[RFC 0/5] Add capacity key to fdinfo

Thu May 2 14:43:09 UTC 2024

On 02/05/2024 14:07, Christian König wrote:
> Am 01.05.24 um 15:27 schrieb Tvrtko Ursulin:
>>
>> Hi Alex,
>>
>> On 30/04/2024 19:32, Alex Deucher wrote:
>>> On Tue, Apr 30, 2024 at 1:27 PM Tvrtko Ursulin <tursulin at igalia.com> 
>>> wrote:
>>>>
>>>> From: Tvrtko Ursulin <tvrtko.ursulin at igalia.com>
>>>>
>>>> I have noticed AMD GPUs can have more than one "engine" (ring?) of 
>>>> the same type
>>>> but amdgpu is not reporting that in fdinfo using the capacity engine 
>>>> tag.
>>>>
>>>> This series is therefore an attempt to improve that, but only an RFC 
>>>> since it is
>>>> quite likely I got stuff wrong on the first attempt.
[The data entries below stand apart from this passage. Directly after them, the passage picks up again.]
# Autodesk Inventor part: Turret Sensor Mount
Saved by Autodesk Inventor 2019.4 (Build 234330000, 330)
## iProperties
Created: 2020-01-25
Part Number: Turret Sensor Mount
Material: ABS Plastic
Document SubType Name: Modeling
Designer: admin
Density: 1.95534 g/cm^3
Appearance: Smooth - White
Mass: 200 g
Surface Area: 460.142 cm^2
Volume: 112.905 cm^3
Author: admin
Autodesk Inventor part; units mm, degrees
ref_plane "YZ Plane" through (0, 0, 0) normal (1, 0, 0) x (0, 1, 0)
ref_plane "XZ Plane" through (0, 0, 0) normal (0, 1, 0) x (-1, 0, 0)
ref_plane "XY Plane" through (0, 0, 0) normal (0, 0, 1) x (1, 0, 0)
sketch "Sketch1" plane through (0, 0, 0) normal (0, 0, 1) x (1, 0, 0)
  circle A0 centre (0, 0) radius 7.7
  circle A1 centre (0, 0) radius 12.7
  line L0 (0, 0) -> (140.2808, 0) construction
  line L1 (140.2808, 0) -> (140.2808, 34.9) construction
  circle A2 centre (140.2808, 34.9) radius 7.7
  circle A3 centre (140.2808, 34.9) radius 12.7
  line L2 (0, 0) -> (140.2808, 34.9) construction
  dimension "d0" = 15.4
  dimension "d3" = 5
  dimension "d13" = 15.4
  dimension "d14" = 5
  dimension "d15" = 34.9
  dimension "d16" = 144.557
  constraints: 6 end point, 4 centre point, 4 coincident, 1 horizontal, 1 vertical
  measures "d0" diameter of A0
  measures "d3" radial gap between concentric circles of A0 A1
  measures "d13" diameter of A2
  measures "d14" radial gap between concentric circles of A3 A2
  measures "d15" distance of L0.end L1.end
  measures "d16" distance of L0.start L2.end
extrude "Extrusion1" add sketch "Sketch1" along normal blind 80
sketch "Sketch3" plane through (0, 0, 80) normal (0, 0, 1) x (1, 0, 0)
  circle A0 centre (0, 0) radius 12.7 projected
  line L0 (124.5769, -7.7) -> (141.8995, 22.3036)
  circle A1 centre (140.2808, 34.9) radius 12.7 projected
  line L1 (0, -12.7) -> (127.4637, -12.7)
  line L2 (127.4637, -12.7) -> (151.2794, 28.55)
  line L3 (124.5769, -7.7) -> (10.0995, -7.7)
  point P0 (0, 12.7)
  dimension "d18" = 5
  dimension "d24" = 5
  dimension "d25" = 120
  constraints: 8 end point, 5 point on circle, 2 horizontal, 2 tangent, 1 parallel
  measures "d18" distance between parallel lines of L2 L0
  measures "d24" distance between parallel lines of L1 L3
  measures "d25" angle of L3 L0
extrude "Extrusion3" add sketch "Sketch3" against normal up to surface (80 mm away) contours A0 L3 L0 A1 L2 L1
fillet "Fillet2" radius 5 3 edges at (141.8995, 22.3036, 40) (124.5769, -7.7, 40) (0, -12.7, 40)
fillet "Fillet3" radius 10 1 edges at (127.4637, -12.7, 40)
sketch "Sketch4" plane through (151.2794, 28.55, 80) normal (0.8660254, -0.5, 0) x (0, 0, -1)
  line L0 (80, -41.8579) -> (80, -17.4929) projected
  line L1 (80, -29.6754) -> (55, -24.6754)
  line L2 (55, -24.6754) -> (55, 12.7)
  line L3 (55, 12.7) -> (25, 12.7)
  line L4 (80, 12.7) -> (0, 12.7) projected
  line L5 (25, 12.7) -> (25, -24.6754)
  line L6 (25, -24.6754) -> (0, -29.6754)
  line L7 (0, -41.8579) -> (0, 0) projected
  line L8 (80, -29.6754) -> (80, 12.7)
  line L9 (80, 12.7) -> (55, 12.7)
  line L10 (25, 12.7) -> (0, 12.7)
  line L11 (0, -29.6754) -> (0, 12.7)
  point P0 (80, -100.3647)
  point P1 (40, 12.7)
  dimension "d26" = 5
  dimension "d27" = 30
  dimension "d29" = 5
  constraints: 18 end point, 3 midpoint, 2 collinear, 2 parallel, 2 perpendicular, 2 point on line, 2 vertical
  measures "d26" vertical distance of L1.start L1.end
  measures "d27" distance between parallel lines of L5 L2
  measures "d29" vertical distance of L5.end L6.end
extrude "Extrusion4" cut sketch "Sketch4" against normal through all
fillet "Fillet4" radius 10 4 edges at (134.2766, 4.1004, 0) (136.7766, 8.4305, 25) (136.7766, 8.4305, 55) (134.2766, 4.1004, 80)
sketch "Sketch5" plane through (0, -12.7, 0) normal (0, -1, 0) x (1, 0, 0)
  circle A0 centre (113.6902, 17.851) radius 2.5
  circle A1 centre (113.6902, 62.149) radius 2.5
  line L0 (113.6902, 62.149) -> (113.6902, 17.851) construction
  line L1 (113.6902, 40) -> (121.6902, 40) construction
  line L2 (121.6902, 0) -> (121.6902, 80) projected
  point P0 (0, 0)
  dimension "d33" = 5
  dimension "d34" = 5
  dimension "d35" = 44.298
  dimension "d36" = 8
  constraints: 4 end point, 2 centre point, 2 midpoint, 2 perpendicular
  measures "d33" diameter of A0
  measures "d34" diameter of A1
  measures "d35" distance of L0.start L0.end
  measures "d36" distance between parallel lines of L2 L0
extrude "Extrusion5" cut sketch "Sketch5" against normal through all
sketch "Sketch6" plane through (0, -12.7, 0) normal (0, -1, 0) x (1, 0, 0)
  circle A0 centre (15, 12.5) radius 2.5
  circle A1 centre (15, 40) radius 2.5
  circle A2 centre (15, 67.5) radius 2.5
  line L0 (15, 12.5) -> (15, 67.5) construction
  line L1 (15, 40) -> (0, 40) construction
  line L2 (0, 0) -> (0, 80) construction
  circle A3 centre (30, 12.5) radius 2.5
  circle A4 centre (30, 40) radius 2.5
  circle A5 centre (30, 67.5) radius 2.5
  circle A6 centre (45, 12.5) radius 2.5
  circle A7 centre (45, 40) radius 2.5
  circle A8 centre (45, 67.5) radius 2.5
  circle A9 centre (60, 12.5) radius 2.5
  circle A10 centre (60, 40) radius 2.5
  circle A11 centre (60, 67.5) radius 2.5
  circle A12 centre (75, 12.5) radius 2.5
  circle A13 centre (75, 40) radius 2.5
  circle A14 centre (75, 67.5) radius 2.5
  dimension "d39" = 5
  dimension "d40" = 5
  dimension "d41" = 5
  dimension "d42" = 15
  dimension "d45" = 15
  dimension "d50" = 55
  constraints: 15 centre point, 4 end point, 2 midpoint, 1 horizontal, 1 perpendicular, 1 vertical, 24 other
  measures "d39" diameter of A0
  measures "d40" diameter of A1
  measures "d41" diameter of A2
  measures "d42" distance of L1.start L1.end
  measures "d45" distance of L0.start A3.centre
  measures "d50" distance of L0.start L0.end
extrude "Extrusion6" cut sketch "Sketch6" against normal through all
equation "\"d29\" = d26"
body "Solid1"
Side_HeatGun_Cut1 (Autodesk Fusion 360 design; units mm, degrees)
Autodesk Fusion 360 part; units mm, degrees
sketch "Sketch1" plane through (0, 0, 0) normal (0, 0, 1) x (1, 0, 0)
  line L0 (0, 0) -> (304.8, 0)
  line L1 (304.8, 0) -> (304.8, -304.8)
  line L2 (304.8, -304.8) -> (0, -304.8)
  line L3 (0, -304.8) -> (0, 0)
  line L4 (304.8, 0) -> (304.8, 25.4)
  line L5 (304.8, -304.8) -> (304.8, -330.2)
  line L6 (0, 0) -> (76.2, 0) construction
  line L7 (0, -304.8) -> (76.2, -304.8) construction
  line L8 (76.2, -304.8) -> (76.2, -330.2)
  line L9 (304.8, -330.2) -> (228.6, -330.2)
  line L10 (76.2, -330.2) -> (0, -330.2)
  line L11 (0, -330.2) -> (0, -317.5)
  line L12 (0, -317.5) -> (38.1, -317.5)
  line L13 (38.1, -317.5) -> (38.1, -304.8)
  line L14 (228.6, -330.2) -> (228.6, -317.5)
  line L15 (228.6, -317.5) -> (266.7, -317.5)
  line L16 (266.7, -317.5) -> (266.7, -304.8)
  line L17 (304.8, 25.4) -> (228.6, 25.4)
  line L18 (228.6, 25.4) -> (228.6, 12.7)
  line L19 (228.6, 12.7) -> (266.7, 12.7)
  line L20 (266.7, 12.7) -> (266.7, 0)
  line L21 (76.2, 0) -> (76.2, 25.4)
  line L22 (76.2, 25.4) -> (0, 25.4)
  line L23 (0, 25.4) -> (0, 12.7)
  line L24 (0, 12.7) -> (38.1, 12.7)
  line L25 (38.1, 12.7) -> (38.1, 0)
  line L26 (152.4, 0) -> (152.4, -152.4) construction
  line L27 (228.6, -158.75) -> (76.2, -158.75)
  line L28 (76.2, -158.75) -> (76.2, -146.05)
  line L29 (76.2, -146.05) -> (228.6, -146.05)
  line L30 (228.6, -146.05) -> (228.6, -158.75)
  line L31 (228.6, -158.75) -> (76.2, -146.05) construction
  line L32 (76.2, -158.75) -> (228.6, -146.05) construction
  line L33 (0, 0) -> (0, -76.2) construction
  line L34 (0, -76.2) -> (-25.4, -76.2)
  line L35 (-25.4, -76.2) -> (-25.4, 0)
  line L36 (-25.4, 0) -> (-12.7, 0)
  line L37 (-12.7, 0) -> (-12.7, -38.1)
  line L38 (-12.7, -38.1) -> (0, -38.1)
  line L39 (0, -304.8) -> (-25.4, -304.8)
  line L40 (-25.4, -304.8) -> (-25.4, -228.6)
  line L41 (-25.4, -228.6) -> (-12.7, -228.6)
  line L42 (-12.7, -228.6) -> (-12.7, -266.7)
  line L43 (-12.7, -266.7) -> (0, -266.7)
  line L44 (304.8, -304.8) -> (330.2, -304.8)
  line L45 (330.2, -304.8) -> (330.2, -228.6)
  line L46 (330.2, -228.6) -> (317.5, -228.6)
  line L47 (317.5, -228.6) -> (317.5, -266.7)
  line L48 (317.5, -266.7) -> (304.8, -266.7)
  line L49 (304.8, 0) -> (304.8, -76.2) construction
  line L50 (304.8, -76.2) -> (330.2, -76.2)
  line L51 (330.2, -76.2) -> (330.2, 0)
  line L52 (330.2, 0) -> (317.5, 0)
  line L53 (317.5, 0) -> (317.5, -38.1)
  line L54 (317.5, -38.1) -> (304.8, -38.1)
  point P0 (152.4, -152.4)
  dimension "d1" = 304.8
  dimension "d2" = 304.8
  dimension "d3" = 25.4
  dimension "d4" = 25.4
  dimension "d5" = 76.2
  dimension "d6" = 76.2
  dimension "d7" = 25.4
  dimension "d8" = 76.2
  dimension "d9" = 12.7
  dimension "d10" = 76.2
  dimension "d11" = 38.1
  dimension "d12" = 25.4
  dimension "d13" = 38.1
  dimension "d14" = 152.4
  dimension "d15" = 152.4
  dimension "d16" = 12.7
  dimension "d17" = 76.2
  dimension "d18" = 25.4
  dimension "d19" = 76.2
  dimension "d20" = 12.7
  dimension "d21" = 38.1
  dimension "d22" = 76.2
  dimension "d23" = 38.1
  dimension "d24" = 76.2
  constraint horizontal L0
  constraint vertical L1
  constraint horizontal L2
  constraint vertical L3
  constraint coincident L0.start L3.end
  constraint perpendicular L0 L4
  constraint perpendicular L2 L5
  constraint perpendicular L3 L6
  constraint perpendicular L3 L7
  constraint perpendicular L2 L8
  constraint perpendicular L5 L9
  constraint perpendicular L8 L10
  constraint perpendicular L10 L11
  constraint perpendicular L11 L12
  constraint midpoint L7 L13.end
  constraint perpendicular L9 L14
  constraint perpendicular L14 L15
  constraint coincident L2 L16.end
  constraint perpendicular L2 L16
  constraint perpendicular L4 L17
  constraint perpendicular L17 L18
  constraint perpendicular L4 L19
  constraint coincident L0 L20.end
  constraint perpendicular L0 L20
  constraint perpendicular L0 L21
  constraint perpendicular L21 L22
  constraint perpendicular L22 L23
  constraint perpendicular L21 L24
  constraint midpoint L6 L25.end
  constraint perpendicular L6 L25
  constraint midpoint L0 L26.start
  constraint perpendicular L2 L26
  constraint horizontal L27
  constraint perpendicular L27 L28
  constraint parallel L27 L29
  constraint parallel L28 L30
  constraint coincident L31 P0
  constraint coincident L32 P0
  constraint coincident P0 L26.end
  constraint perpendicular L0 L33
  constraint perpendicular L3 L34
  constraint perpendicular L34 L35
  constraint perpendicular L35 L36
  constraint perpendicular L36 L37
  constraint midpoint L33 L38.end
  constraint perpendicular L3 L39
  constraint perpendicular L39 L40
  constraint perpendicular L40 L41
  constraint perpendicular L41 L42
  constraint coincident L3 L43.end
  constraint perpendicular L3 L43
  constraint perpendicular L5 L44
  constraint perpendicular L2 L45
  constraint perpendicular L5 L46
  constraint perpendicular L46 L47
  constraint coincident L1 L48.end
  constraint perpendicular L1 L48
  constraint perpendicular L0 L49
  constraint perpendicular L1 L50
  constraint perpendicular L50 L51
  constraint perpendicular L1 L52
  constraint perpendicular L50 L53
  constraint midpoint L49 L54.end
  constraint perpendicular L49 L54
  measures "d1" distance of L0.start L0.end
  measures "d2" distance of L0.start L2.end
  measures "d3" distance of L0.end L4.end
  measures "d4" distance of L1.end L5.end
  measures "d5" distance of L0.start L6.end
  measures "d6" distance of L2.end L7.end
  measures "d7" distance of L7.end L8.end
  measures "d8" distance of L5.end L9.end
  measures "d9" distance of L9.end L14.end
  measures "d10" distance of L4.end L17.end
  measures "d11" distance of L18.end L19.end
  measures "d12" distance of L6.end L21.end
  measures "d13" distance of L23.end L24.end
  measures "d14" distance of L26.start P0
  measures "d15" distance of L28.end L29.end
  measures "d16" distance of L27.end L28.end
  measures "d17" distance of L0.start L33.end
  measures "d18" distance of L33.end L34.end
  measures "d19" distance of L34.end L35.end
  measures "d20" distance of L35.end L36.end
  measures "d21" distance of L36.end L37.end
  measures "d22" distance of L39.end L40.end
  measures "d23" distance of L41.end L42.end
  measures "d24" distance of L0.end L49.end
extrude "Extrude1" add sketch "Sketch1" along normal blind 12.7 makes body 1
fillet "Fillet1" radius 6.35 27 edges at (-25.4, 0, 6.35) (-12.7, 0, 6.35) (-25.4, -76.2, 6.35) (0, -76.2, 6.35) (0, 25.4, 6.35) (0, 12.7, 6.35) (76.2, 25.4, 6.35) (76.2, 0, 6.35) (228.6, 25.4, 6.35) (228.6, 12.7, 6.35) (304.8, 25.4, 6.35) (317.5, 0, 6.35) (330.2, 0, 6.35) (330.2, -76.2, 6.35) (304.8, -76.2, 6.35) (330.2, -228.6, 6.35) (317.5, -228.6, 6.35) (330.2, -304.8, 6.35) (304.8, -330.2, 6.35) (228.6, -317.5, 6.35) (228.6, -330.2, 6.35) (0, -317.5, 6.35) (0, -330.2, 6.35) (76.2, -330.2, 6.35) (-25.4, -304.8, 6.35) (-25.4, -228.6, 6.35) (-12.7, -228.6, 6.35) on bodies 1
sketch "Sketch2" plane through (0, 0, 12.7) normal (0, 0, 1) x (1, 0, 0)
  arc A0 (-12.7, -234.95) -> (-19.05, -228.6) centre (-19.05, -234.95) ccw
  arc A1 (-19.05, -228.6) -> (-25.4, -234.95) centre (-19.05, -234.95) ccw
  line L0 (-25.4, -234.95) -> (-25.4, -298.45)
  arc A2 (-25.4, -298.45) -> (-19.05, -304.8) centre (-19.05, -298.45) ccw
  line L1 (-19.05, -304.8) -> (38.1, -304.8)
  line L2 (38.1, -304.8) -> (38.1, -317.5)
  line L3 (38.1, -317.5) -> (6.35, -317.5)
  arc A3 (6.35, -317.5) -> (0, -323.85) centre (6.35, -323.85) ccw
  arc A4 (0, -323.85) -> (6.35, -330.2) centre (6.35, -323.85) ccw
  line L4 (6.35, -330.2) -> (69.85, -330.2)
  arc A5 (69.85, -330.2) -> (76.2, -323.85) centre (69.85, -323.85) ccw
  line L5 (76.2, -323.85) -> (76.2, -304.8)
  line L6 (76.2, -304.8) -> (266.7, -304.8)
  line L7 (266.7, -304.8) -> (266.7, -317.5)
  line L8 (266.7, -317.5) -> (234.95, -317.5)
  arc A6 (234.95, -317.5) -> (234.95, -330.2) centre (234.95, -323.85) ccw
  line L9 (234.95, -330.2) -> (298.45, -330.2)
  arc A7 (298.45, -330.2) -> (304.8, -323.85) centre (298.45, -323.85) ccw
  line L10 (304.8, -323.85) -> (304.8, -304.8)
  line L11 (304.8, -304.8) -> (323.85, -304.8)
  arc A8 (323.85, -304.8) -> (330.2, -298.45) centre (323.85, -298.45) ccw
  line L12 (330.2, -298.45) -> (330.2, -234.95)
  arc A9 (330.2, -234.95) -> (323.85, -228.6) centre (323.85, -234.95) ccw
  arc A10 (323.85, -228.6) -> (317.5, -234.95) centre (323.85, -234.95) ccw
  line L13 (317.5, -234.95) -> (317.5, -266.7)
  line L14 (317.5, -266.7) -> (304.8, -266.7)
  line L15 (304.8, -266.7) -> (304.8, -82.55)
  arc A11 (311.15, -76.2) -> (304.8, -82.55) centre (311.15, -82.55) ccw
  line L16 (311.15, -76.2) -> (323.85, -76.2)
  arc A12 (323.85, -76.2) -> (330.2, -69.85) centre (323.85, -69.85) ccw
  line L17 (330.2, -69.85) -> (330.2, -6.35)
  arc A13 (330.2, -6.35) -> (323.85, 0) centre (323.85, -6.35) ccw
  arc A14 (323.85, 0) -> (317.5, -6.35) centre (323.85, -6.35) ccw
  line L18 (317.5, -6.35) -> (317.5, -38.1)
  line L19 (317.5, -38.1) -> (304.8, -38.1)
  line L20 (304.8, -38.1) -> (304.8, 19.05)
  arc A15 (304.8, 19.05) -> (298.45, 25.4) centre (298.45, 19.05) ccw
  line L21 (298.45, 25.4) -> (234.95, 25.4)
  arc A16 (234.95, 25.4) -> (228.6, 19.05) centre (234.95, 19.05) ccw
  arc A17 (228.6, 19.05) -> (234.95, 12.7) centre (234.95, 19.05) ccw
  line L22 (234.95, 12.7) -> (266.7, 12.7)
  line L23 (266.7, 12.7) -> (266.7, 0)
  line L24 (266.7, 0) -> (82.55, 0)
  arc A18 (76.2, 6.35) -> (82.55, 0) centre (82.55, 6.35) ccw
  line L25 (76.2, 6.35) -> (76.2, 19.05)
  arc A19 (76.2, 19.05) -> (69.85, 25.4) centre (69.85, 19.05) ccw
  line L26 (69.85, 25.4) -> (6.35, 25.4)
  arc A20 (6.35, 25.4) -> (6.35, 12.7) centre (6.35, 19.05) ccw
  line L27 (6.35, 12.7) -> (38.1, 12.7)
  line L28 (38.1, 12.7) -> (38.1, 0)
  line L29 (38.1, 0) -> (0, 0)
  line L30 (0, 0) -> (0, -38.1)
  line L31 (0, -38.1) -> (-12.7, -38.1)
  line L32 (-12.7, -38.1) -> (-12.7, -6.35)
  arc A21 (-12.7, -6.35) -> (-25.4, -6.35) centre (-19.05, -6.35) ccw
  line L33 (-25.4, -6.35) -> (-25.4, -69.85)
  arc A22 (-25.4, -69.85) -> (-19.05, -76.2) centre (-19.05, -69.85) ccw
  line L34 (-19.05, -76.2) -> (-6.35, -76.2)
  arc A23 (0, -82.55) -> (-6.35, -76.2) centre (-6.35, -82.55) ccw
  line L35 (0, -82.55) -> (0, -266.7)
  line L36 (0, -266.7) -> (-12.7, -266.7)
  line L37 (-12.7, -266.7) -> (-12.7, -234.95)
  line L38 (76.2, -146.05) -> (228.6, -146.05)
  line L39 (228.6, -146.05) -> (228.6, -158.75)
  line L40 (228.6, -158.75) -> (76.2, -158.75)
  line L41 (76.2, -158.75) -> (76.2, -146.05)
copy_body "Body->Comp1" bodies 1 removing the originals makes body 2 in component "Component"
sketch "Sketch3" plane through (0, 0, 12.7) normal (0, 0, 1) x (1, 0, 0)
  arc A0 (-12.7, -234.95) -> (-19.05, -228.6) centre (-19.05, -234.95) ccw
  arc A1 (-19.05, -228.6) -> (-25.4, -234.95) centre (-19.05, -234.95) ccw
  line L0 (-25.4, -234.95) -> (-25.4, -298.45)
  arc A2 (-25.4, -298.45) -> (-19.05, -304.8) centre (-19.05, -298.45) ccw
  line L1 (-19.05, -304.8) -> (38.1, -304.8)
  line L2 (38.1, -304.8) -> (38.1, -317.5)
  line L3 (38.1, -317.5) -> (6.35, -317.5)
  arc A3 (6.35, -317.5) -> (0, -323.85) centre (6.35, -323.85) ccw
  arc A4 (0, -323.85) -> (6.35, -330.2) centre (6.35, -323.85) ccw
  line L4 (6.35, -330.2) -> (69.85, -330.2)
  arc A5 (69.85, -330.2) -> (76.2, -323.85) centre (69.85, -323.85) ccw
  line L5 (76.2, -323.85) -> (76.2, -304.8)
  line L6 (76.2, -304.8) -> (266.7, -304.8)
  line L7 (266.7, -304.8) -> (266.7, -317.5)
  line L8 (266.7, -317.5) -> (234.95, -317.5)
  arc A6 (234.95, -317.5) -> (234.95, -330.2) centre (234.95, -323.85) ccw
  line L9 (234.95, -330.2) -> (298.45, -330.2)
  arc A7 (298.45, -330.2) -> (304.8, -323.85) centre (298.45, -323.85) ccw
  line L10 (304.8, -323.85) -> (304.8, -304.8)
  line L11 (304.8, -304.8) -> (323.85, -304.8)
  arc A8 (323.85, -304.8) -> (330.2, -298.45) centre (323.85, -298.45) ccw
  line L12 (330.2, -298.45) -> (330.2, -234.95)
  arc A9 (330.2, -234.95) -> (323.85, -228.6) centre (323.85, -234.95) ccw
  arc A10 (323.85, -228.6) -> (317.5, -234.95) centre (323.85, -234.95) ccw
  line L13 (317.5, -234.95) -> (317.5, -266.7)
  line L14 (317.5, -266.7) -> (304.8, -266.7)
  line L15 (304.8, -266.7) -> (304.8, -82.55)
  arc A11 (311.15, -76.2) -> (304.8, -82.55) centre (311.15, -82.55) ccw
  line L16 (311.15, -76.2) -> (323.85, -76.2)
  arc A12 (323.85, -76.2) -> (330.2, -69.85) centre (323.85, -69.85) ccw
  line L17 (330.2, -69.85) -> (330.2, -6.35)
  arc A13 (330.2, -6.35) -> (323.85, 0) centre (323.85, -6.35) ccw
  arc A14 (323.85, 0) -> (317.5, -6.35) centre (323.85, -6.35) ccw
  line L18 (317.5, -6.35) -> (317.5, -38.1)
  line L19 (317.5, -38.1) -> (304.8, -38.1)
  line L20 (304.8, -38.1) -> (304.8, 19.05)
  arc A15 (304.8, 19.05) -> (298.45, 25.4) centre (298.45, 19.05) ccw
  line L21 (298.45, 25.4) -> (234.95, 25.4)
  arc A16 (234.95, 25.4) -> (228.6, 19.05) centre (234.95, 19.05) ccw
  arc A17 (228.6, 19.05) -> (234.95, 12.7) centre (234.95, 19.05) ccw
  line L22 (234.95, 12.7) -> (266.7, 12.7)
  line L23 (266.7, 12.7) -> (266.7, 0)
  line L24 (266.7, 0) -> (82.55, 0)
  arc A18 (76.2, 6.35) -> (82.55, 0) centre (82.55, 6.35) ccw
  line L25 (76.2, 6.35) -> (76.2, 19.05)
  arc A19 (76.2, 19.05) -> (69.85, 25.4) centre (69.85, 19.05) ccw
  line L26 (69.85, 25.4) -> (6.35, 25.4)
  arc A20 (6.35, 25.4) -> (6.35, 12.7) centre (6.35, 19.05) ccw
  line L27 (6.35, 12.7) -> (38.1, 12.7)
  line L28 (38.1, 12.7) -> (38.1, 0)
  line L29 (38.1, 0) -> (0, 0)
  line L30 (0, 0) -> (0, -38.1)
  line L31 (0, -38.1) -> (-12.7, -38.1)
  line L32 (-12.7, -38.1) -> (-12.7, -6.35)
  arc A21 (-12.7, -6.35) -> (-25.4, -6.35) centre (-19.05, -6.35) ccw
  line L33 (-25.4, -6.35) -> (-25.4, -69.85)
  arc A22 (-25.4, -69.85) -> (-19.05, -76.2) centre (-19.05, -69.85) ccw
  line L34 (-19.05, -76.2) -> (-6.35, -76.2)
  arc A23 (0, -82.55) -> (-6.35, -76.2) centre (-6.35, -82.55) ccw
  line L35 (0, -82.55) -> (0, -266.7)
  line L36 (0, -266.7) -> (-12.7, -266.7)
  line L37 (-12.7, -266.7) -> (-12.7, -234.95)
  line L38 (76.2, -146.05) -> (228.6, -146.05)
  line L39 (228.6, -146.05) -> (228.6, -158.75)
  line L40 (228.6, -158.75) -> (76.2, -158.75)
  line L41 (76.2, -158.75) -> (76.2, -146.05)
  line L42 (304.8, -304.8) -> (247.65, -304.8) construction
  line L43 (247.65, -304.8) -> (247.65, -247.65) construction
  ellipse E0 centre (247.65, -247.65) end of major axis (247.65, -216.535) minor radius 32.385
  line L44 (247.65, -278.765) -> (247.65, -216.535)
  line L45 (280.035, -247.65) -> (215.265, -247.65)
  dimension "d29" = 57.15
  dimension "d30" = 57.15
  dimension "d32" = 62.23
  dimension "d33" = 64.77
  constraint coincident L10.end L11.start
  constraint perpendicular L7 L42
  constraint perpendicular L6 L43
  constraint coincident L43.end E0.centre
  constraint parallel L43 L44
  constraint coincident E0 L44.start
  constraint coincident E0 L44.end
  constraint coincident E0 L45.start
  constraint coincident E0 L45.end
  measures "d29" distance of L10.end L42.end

Or if not wrong 
>>>> it may not
>>>> be very beneficial in AMDs case.
>>>>
>>>> So I tried to figure out how to count and store the number of 
>>>> instances of an
>>>> "engine" type and spotted that could perhaps be used in more than 
>>>> one place in
>>>> the driver. I was more than a little bit confused by the ip_instance 
>>>> and uapi
>>>> rings, then how rings are selected to context entities internally. 
>>>> Anyway..
>>>> hopefully it is a simple enough series to easily spot any such large 
>>>> misses.
>>>>
>>>> End result should be that, assuming two "engine" instances, one 
>>>> fully loaded and
>>>> one idle will only report client using 50% of that engine type.
>>>
>>> That would only be true if there are multiple instantiations of the IP
>>> on the chip which in most cases is not true.  In most cases there is
>>> one instance of the IP that can be fed from multiple rings. E.g. for
>>> graphics and compute, all of the rings ultimately feed into the same
>>> compute units on the chip.  So if you have a gfx ring and a compute
>>> rings, you can schedule work to them asynchronously, but ultimately
>>> whether they execute serially or in parallel depends on the actual
>>> shader code in the command buffers and the extent to which it can
>>> utilize the available compute units in the shader cores.
>>
>> This is the same as with Intel/i915. Fdinfo is not intended to provide 
>> utilisation of EUs and such, just how busy are the "entities" kernel 
>> submits to. So doing something like in this series would make the 
>> reporting more similar between the two drivers.
>>
>> I think both the 0-800% or 0-100% range (taking 8 ring compute as an 
>> example) can be misleading for different workloads. Neither <800% in 
>> the former means one can send more work and same for <100% in the latter.
> 
> Yeah, I think that's what Alex tries to describe. By using 8 compute 
> rings your 800% load is actually incorrect and quite misleading.
> 
> Background is that those 8 compute rings won't be active all at the same 
> time, but rather waiting on each other for resources.
> 
> But this "waiting" is unfortunately considered execution time since the 
> used approach is actually not really capable of separating waiting and 
> execution time.

Right, so 800% is what gputop could be suggesting today, by the virtue 8 
context/clients can each use 100% if they only use a subset of compute 
units. I was proposing to expose the capacity in fdinfo so it can be 
scaled down and then dicussing how both situation have pros and cons.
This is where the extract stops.